Stored records:

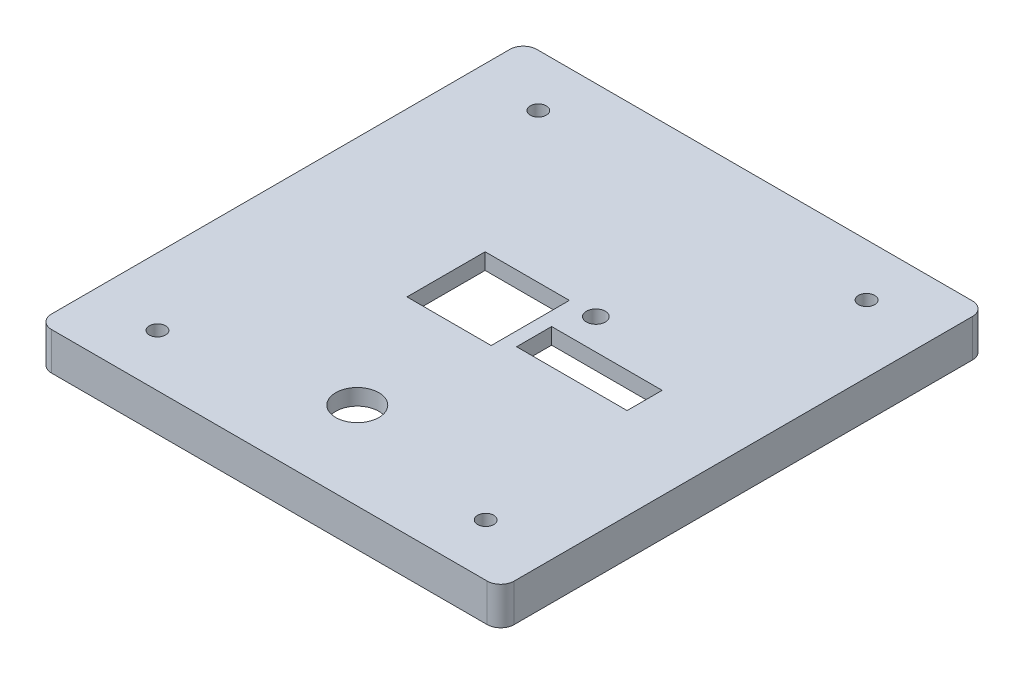
ISO-10303-21;
HEADER;
FILE_DESCRIPTION(('STEP AP214'),'2;1');
FILE_NAME('part.step','',(''),(''),'','','');
FILE_SCHEMA(('AUTOMOTIVE_DESIGN { 1 0 10303 214 1 1 1 1 }'));
ENDSEC;
DATA;
#1=APPLICATION_CONTEXT('core data for automotive mechanical design processes');
#2=APPLICATION_PROTOCOL_DEFINITION('international standard','automotive_design',2000,#1);
#3=PRODUCT_CONTEXT('',#1,'mechanical');
#4=PRODUCT('Part','Part','',(#3));
#5=PRODUCT_RELATED_PRODUCT_CATEGORY('part','',(#4));
#6=PRODUCT_DEFINITION_FORMATION('','',#4);
#7=PRODUCT_DEFINITION_CONTEXT('part definition',#1,'design');
#8=PRODUCT_DEFINITION('design','',#6,#7);
#9=PRODUCT_DEFINITION_SHAPE('','',#8);
#10=(LENGTH_UNIT() NAMED_UNIT(*) SI_UNIT(.MILLI.,.METRE.));
#11=(NAMED_UNIT(*) PLANE_ANGLE_UNIT() SI_UNIT($,.RADIAN.));
#12=(NAMED_UNIT(*) SI_UNIT($,.STERADIAN.) SOLID_ANGLE_UNIT());
#13=UNCERTAINTY_MEASURE_WITH_UNIT(LENGTH_MEASURE(1.E-05),#10,'distance_accuracy_value','');
#14=(GEOMETRIC_REPRESENTATION_CONTEXT(3) GLOBAL_UNCERTAINTY_ASSIGNED_CONTEXT((#13)) GLOBAL_UNIT_ASSIGNED_CONTEXT((#10,
#11,#12)) REPRESENTATION_CONTEXT('',''));
#15=CARTESIAN_POINT('',(0.,0.,0.));
#16=DIRECTION('',(0.,0.,1.));
#17=DIRECTION('',(1.,0.,0.));
#18=AXIS2_PLACEMENT_3D('',#15,#16,#17);
#19=CARTESIAN_POINT('',(0.,4.,0.));
#20=DIRECTION('',(0.,1.,0.));
#21=DIRECTION('',(0.,0.,1.));
#22=AXIS2_PLACEMENT_3D('',#19,#20,#21);
#23=PLANE('',#22);
#24=CARTESIAN_POINT('',(68.7039801841855,4.,-4.81909110229253));
#25=DIRECTION('',(0.,1.,0.));
#26=DIRECTION('',(0.,0.,1.));
#27=AXIS2_PLACEMENT_3D('',#24,#25,#26);
#28=CIRCLE('',#27,1.50000000000001);
#29=CARTESIAN_POINT('',(68.7039801841855,4.,-3.31909110229252));
#30=VERTEX_POINT('',#29);
#31=EDGE_CURVE('E539',#30,#30,#28,.T.);
#32=ORIENTED_EDGE('',*,*,#31,.T.);
#33=EDGE_LOOP('',(#32));
#34=FACE_BOUND('',#33,.T.);
#35=CARTESIAN_POINT('',(7.82598018418551,4.,-75.4570911022925));
#36=DIRECTION('',(0.,1.,0.));
#37=DIRECTION('',(0.,0.,1.));
#38=AXIS2_PLACEMENT_3D('',#35,#36,#37);
#39=CIRCLE('',#38,1.5);
#40=CARTESIAN_POINT('',(7.82598018418551,4.,-73.9570911022925));
#41=VERTEX_POINT('',#40);
#42=EDGE_CURVE('E753',#41,#41,#39,.T.);
#43=ORIENTED_EDGE('',*,*,#42,.T.);
#44=EDGE_LOOP('',(#43));
#45=FACE_BOUND('',#44,.T.);
#46=CARTESIAN_POINT('',(38.353887366001,4.,-11.3565708229402));
#47=DIRECTION('',(0.,1.,0.));
#48=DIRECTION('',(0.,0.,1.));
#49=AXIS2_PLACEMENT_3D('',#46,#47,#48);
#50=CIRCLE('',#49,4.00000000000001);
#51=CARTESIAN_POINT('',(38.353887366001,4.,-7.35657082294016));
#52=VERTEX_POINT('',#51);
#53=EDGE_CURVE('E544',#52,#52,#50,.T.);
#54=ORIENTED_EDGE('',*,*,#53,.T.);
#55=EDGE_LOOP('',(#54));
#56=FACE_BOUND('',#55,.T.);
#57=DIRECTION('',(-1.,0.,0.));
#58=VECTOR('',#57,1.);
#59=CARTESIAN_POINT('',(0.,4.,-47.8380911022925));
#60=LINE('',#59,#58);
#61=CARTESIAN_POINT('',(41.2049801841855,4.,-47.8380911022925));
#62=VERTEX_POINT('',#61);
#63=CARTESIAN_POINT('',(25.5839801841855,4.,-47.8380911022925));
#64=VERTEX_POINT('',#63);
#65=EDGE_CURVE('E240',#62,#64,#60,.T.);
#66=ORIENTED_EDGE('',*,*,#65,.T.);
#67=DIRECTION('',(0.,0.,1.));
#68=VECTOR('',#67,1.);
#69=CARTESIAN_POINT('',(25.5839801841855,4.,0.));
#70=LINE('',#69,#68);
#71=CARTESIAN_POINT('',(25.5839801841855,4.,-33.3380911022925));
#72=VERTEX_POINT('',#71);
#73=EDGE_CURVE('E244',#64,#72,#70,.T.);
#74=ORIENTED_EDGE('',*,*,#73,.T.);
#75=DIRECTION('',(1.,0.,0.));
#76=VECTOR('',#75,1.);
#77=CARTESIAN_POINT('',(0.,4.,-33.3380911022925));
#78=LINE('',#77,#76);
#79=CARTESIAN_POINT('',(41.2049801841855,4.,-33.3380911022925));
#80=VERTEX_POINT('',#79);
#81=EDGE_CURVE('E231',#72,#80,#78,.T.);
#82=ORIENTED_EDGE('',*,*,#81,.T.);
#83=DIRECTION('',(0.,0.,-1.));
#84=VECTOR('',#83,1.);
#85=CARTESIAN_POINT('',(41.2049801841855,4.,0.));
#86=LINE('',#85,#84);
#87=EDGE_CURVE('E206',#80,#62,#86,.T.);
#88=ORIENTED_EDGE('',*,*,#87,.T.);
#89=EDGE_LOOP('',(#66,#74,#82,#88));
#90=FACE_BOUND('',#89,.T.);
#91=CARTESIAN_POINT('',(46.2649801841855,4.,-47.6880911022925));
#92=DIRECTION('',(0.,1.,0.));
#93=DIRECTION('',(0.,0.,1.));
#94=AXIS2_PLACEMENT_3D('',#91,#92,#93);
#95=CIRCLE('',#94,1.75);
#96=CARTESIAN_POINT('',(46.2649801841855,4.,-45.9380911022925));
#97=VERTEX_POINT('',#96);
#98=EDGE_CURVE('E252',#97,#97,#95,.T.);
#99=ORIENTED_EDGE('',*,*,#98,.T.);
#100=EDGE_LOOP('',(#99));
#101=FACE_BOUND('',#100,.T.);
#102=DIRECTION('',(0.,0.,-1.));
#103=VECTOR('',#102,1.);
#104=CARTESIAN_POINT('',(64.2549801841856,4.,-1.371872277833E-13));
#105=LINE('',#104,#103);
#106=CARTESIAN_POINT('',(64.2549801841855,4.,-35.4980911022925));
#107=VERTEX_POINT('',#106);
#108=CARTESIAN_POINT('',(64.2549801841855,4.,-41.9980911022925));
#109=VERTEX_POINT('',#108);
#110=EDGE_CURVE('E292',#107,#109,#105,.T.);
#111=ORIENTED_EDGE('',*,*,#110,.T.);
#112=DIRECTION('',(-1.,0.,0.));
#113=VECTOR('',#112,1.);
#114=CARTESIAN_POINT('',(0.,4.,-41.9980911022925));
#115=LINE('',#114,#113);
#116=CARTESIAN_POINT('',(43.7549801841855,4.,-41.9980911022925));
#117=VERTEX_POINT('',#116);
#118=EDGE_CURVE('E296',#109,#117,#115,.T.);
#119=ORIENTED_EDGE('',*,*,#118,.T.);
#120=DIRECTION('',(0.,0.,1.));
#121=VECTOR('',#120,1.);
#122=CARTESIAN_POINT('',(43.7549801841855,4.,0.));
#123=LINE('',#122,#121);
#124=CARTESIAN_POINT('',(43.7549801841855,4.,-35.4980911022925));
#125=VERTEX_POINT('',#124);
#126=EDGE_CURVE('E275',#117,#125,#123,.T.);
#127=ORIENTED_EDGE('',*,*,#126,.T.);
#128=DIRECTION('',(1.,0.,0.));
#129=VECTOR('',#128,1.);
#130=CARTESIAN_POINT('',(0.,4.,-35.4980911022925));
#131=LINE('',#130,#129);
#132=EDGE_CURVE('E288',#125,#107,#131,.T.);
#133=ORIENTED_EDGE('',*,*,#132,.T.);
#134=EDGE_LOOP('',(#111,#119,#127,#133));
#135=FACE_BOUND('',#134,.T.);
#136=DIRECTION('',(-1.,0.,0.));
#137=VECTOR('',#136,1.);
#138=CARTESIAN_POINT('',(5.62598018418551,4.,-77.8570911022925));
#139=LINE('',#138,#137);
#140=CARTESIAN_POINT('',(70.9039801841855,4.,-77.8570911022925));
#141=VERTEX_POINT('',#140);
#142=CARTESIAN_POINT('',(5.62598018418551,4.,-77.8570911022925));
#143=VERTEX_POINT('',#142);
#144=EDGE_CURVE('E357',#141,#143,#139,.T.);
#145=ORIENTED_EDGE('',*,*,#144,.F.);
#146=DIRECTION('',(0.,0.,-1.));
#147=VECTOR('',#146,1.);
#148=CARTESIAN_POINT('',(70.9039801841855,4.,-77.8570911022925));
#149=LINE('',#148,#147);
#150=CARTESIAN_POINT('',(70.9039801841855,4.,-2.41909110229249));
#151=VERTEX_POINT('',#150);
#152=EDGE_CURVE('E353',#151,#141,#149,.T.);
#153=ORIENTED_EDGE('',*,*,#152,.F.);
#154=DIRECTION('',(1.,0.,0.));
#155=VECTOR('',#154,1.);
#156=CARTESIAN_POINT('',(5.62598018418552,4.,-2.41909110229249));
#157=LINE('',#156,#155);
#158=CARTESIAN_POINT('',(5.62598018418552,4.,-2.41909110229249));
#159=VERTEX_POINT('',#158);
#160=EDGE_CURVE('E366',#159,#151,#157,.T.);
#161=ORIENTED_EDGE('',*,*,#160,.F.);
#162=DIRECTION('',(0.,0.,1.));
#163=VECTOR('',#162,1.);
#164=CARTESIAN_POINT('',(5.62598018418551,4.,-77.8570911022925));
#165=LINE('',#164,#163);
#166=EDGE_CURVE('E362',#143,#159,#165,.T.);
#167=ORIENTED_EDGE('',*,*,#166,.F.);
#168=EDGE_LOOP('',(#145,#153,#161,#167));
#169=FACE_BOUND('',#168,.T.);
#170=CARTESIAN_POINT('',(7.82598018418551,4.,-4.81909110229255));
#171=DIRECTION('',(0.,1.,0.));
#172=DIRECTION('',(0.,0.,1.));
#173=AXIS2_PLACEMENT_3D('',#170,#171,#172);
#174=CIRCLE('',#173,1.5);
#175=CARTESIAN_POINT('',(7.82598018418551,4.,-3.31909110229254));
#176=VERTEX_POINT('',#175);
#177=EDGE_CURVE('E532',#176,#176,#174,.F.);
#178=ORIENTED_EDGE('',*,*,#177,.F.);
#179=EDGE_LOOP('',(#178));
#180=FACE_BOUND('',#179,.T.);
#181=CARTESIAN_POINT('',(68.7039801841855,4.,-75.4570911022925));
#182=DIRECTION('',(0.,1.,0.));
#183=DIRECTION('',(0.,0.,1.));
#184=AXIS2_PLACEMENT_3D('',#181,#182,#183);
#185=CIRCLE('',#184,1.50000000000001);
#186=CARTESIAN_POINT('',(68.7039801841855,4.,-73.9570911022925));
#187=VERTEX_POINT('',#186);
#188=EDGE_CURVE('E535',#187,#187,#185,.F.);
#189=ORIENTED_EDGE('',*,*,#188,.F.);
#190=EDGE_LOOP('',(#189));
#191=FACE_BOUND('',#190,.T.);
#192=ADVANCED_FACE('F39',(#34,#45,#56,#90,#101,#135,#169,#180,#191),#23,.F.);
#193=CARTESIAN_POINT('',(0.,7.,0.));
#194=DIRECTION('',(0.,1.,0.));
#195=DIRECTION('',(0.,0.,1.));
#196=AXIS2_PLACEMENT_3D('',#193,#194,#195);
#197=PLANE('',#196);
#198=CARTESIAN_POINT('',(7.82598018418551,7.,-4.81909110229255));
#199=DIRECTION('',(0.,-1.,0.));
#200=DIRECTION('',(0.,0.,-1.));
#201=AXIS2_PLACEMENT_3D('',#198,#199,#200);
#202=CIRCLE('',#201,1.5);
#203=CARTESIAN_POINT('',(7.82598018418551,7.,-6.31909110229255));
#204=VERTEX_POINT('',#203);
#205=EDGE_CURVE('E745',#204,#204,#202,.T.);
#206=ORIENTED_EDGE('',*,*,#205,.T.);
#207=EDGE_LOOP('',(#206));
#208=FACE_BOUND('',#207,.T.);
#209=CARTESIAN_POINT('',(7.82598018418551,7.,-75.4570911022925));
#210=DIRECTION('',(0.,1.,0.));
#211=DIRECTION('',(0.,0.,1.));
#212=AXIS2_PLACEMENT_3D('',#209,#210,#211);
#213=CIRCLE('',#212,1.5);
#214=CARTESIAN_POINT('',(7.82598018418551,7.,-73.9570911022925));
#215=VERTEX_POINT('',#214);
#216=EDGE_CURVE('E749',#215,#215,#213,.T.);
#217=ORIENTED_EDGE('',*,*,#216,.F.);
#218=EDGE_LOOP('',(#217));
#219=FACE_BOUND('',#218,.T.);
#220=CARTESIAN_POINT('',(38.353887366001,7.,-11.3565708229402));
#221=DIRECTION('',(0.,1.,0.));
#222=DIRECTION('',(0.,0.,1.));
#223=AXIS2_PLACEMENT_3D('',#220,#221,#222);
#224=CIRCLE('',#223,4.00000000000001);
#225=CARTESIAN_POINT('',(38.353887366001,7.,-7.35657082294016));
#226=VERTEX_POINT('',#225);
#227=EDGE_CURVE('E538',#226,#226,#224,.T.);
#228=ORIENTED_EDGE('',*,*,#227,.F.);
#229=EDGE_LOOP('',(#228));
#230=FACE_BOUND('',#229,.T.);
#231=DIRECTION('',(0.,0.,1.));
#232=VECTOR('',#231,1.);
#233=CARTESIAN_POINT('',(25.5839801841855,7.,-33.3380911022925));
#234=LINE('',#233,#232);
#235=CARTESIAN_POINT('',(25.5839801841855,7.,-47.8380911022925));
#236=VERTEX_POINT('',#235);
#237=CARTESIAN_POINT('',(25.5839801841855,7.,-33.3380911022925));
#238=VERTEX_POINT('',#237);
#239=EDGE_CURVE('E63',#236,#238,#234,.T.);
#240=ORIENTED_EDGE('',*,*,#239,.F.);
#241=DIRECTION('',(-1.,0.,0.));
#242=VECTOR('',#241,1.);
#243=CARTESIAN_POINT('',(25.5839801841855,7.,-47.8380911022925));
#244=LINE('',#243,#242);
#245=CARTESIAN_POINT('',(41.2049801841855,7.,-47.8380911022925));
#246=VERTEX_POINT('',#245);
#247=EDGE_CURVE('E221',#246,#236,#244,.T.);
#248=ORIENTED_EDGE('',*,*,#247,.F.);
#249=DIRECTION('',(0.,0.,-1.));
#250=VECTOR('',#249,1.);
#251=CARTESIAN_POINT('',(41.2049801841855,7.,-47.8380911022925));
#252=LINE('',#251,#250);
#253=CARTESIAN_POINT('',(41.2049801841855,7.,-33.3380911022925));
#254=VERTEX_POINT('',#253);
#255=EDGE_CURVE('E203',#254,#246,#252,.T.);
#256=ORIENTED_EDGE('',*,*,#255,.F.);
#257=DIRECTION('',(1.,0.,0.));
#258=VECTOR('',#257,1.);
#259=CARTESIAN_POINT('',(41.2049801841855,7.,-33.3380911022925));
#260=LINE('',#259,#258);
#261=EDGE_CURVE('E213',#238,#254,#260,.T.);
#262=ORIENTED_EDGE('',*,*,#261,.F.);
#263=EDGE_LOOP('',(#240,#248,#256,#262));
#264=FACE_BOUND('',#263,.T.);
#265=CARTESIAN_POINT('',(46.2649801841855,7.,-47.6880911022925));
#266=DIRECTION('',(0.,1.,0.));
#267=DIRECTION('',(0.,0.,1.));
#268=AXIS2_PLACEMENT_3D('',#265,#266,#267);
#269=CIRCLE('',#268,1.75);
#270=CARTESIAN_POINT('',(46.2649801841855,7.,-45.9380911022925));
#271=VERTEX_POINT('',#270);
#272=EDGE_CURVE('E248',#271,#271,#269,.T.);
#273=ORIENTED_EDGE('',*,*,#272,.F.);
#274=EDGE_LOOP('',(#273));
#275=FACE_BOUND('',#274,.T.);
#276=DIRECTION('',(-1.,0.,0.));
#277=VECTOR('',#276,1.);
#278=CARTESIAN_POINT('',(64.2549801841855,7.,-41.9980911022925));
#279=LINE('',#278,#277);
#280=CARTESIAN_POINT('',(64.2549801841855,7.,-41.9980911022925));
#281=VERTEX_POINT('',#280);
#282=CARTESIAN_POINT('',(43.7549801841855,7.,-41.9980911022925));
#283=VERTEX_POINT('',#282);
#284=EDGE_CURVE('E268',#281,#283,#279,.T.);
#285=ORIENTED_EDGE('',*,*,#284,.F.);
#286=DIRECTION('',(0.,0.,-1.));
#287=VECTOR('',#286,1.);
#288=CARTESIAN_POINT('',(64.2549801841855,7.,-41.9980911022925));
#289=LINE('',#288,#287);
#290=CARTESIAN_POINT('',(64.2549801841855,7.,-35.4980911022925));
#291=VERTEX_POINT('',#290);
#292=EDGE_CURVE('E264',#291,#281,#289,.T.);
#293=ORIENTED_EDGE('',*,*,#292,.F.);
#294=DIRECTION('',(1.,0.,0.));
#295=VECTOR('',#294,1.);
#296=CARTESIAN_POINT('',(64.2549801841855,7.,-35.4980911022925));
#297=LINE('',#296,#295);
#298=CARTESIAN_POINT('',(43.7549801841855,7.,-35.4980911022925));
#299=VERTEX_POINT('',#298);
#300=EDGE_CURVE('E260',#299,#291,#297,.T.);
#301=ORIENTED_EDGE('',*,*,#300,.F.);
#302=DIRECTION('',(0.,0.,1.));
#303=VECTOR('',#302,1.);
#304=CARTESIAN_POINT('',(43.7549801841855,7.,-35.4980911022925));
#305=LINE('',#304,#303);
#306=EDGE_CURVE('E256',#283,#299,#305,.T.);
#307=ORIENTED_EDGE('',*,*,#306,.F.);
#308=EDGE_LOOP('',(#285,#293,#301,#307));
#309=FACE_BOUND('',#308,.T.);
#310=DIRECTION('',(0.,0.,-1.));
#311=VECTOR('',#310,1.);
#312=CARTESIAN_POINT('',(81.1649801841855,7.,-85.1380911022925));
#313=LINE('',#312,#311);
#314=CARTESIAN_POINT('',(81.1649801841855,7.,2.36190889770745));
#315=VERTEX_POINT('',#314);
#316=CARTESIAN_POINT('',(81.1649801841855,7.,-82.6380911022925));
#317=VERTEX_POINT('',#316);
#318=EDGE_CURVE('E344',#315,#317,#313,.T.);
#319=ORIENTED_EDGE('',*,*,#318,.T.);
#320=CARTESIAN_POINT('',(78.6649801841855,7.,-82.6380911022925));
#321=DIRECTION('',(0.,1.,0.));
#322=DIRECTION('',(0.,0.,1.));
#323=AXIS2_PLACEMENT_3D('',#320,#321,#322);
#324=CIRCLE('',#323,2.5);
#325=CARTESIAN_POINT('',(78.6649801841855,7.,-85.1380911022925));
#326=VERTEX_POINT('',#325);
#327=EDGE_CURVE('E451',#317,#326,#324,.T.);
#328=ORIENTED_EDGE('',*,*,#327,.T.);
#329=DIRECTION('',(-1.,0.,0.));
#330=VECTOR('',#329,1.);
#331=CARTESIAN_POINT('',(-4.63501981581449,7.,-85.1380911022925));
#332=LINE('',#331,#330);
#333=CARTESIAN_POINT('',(-2.13501981581449,7.,-85.1380911022925));
#334=VERTEX_POINT('',#333);
#335=EDGE_CURVE('E348',#326,#334,#332,.T.);
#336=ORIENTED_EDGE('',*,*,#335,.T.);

### Exercise
Only the lines above from the one with "#190=EDGE_LOOP('',(#189));" through the one with "#197=PLANE('',#196);" should be duplicated, character for character.

### Answer
#190=EDGE_LOOP('',(#189));
#191=FACE_BOUND('',#190,.T.);
#192=ADVANCED_FACE('F39',(#34,#45,#56,#90,#101,#135,#169,#180,#191),#23,.F.);
#193=CARTESIAN_POINT('',(0.,7.,0.));
#194=DIRECTION('',(0.,1.,0.));
#195=DIRECTION('',(0.,0.,1.));
#196=AXIS2_PLACEMENT_3D('',#193,#194,#195);
#197=PLANE('',#196);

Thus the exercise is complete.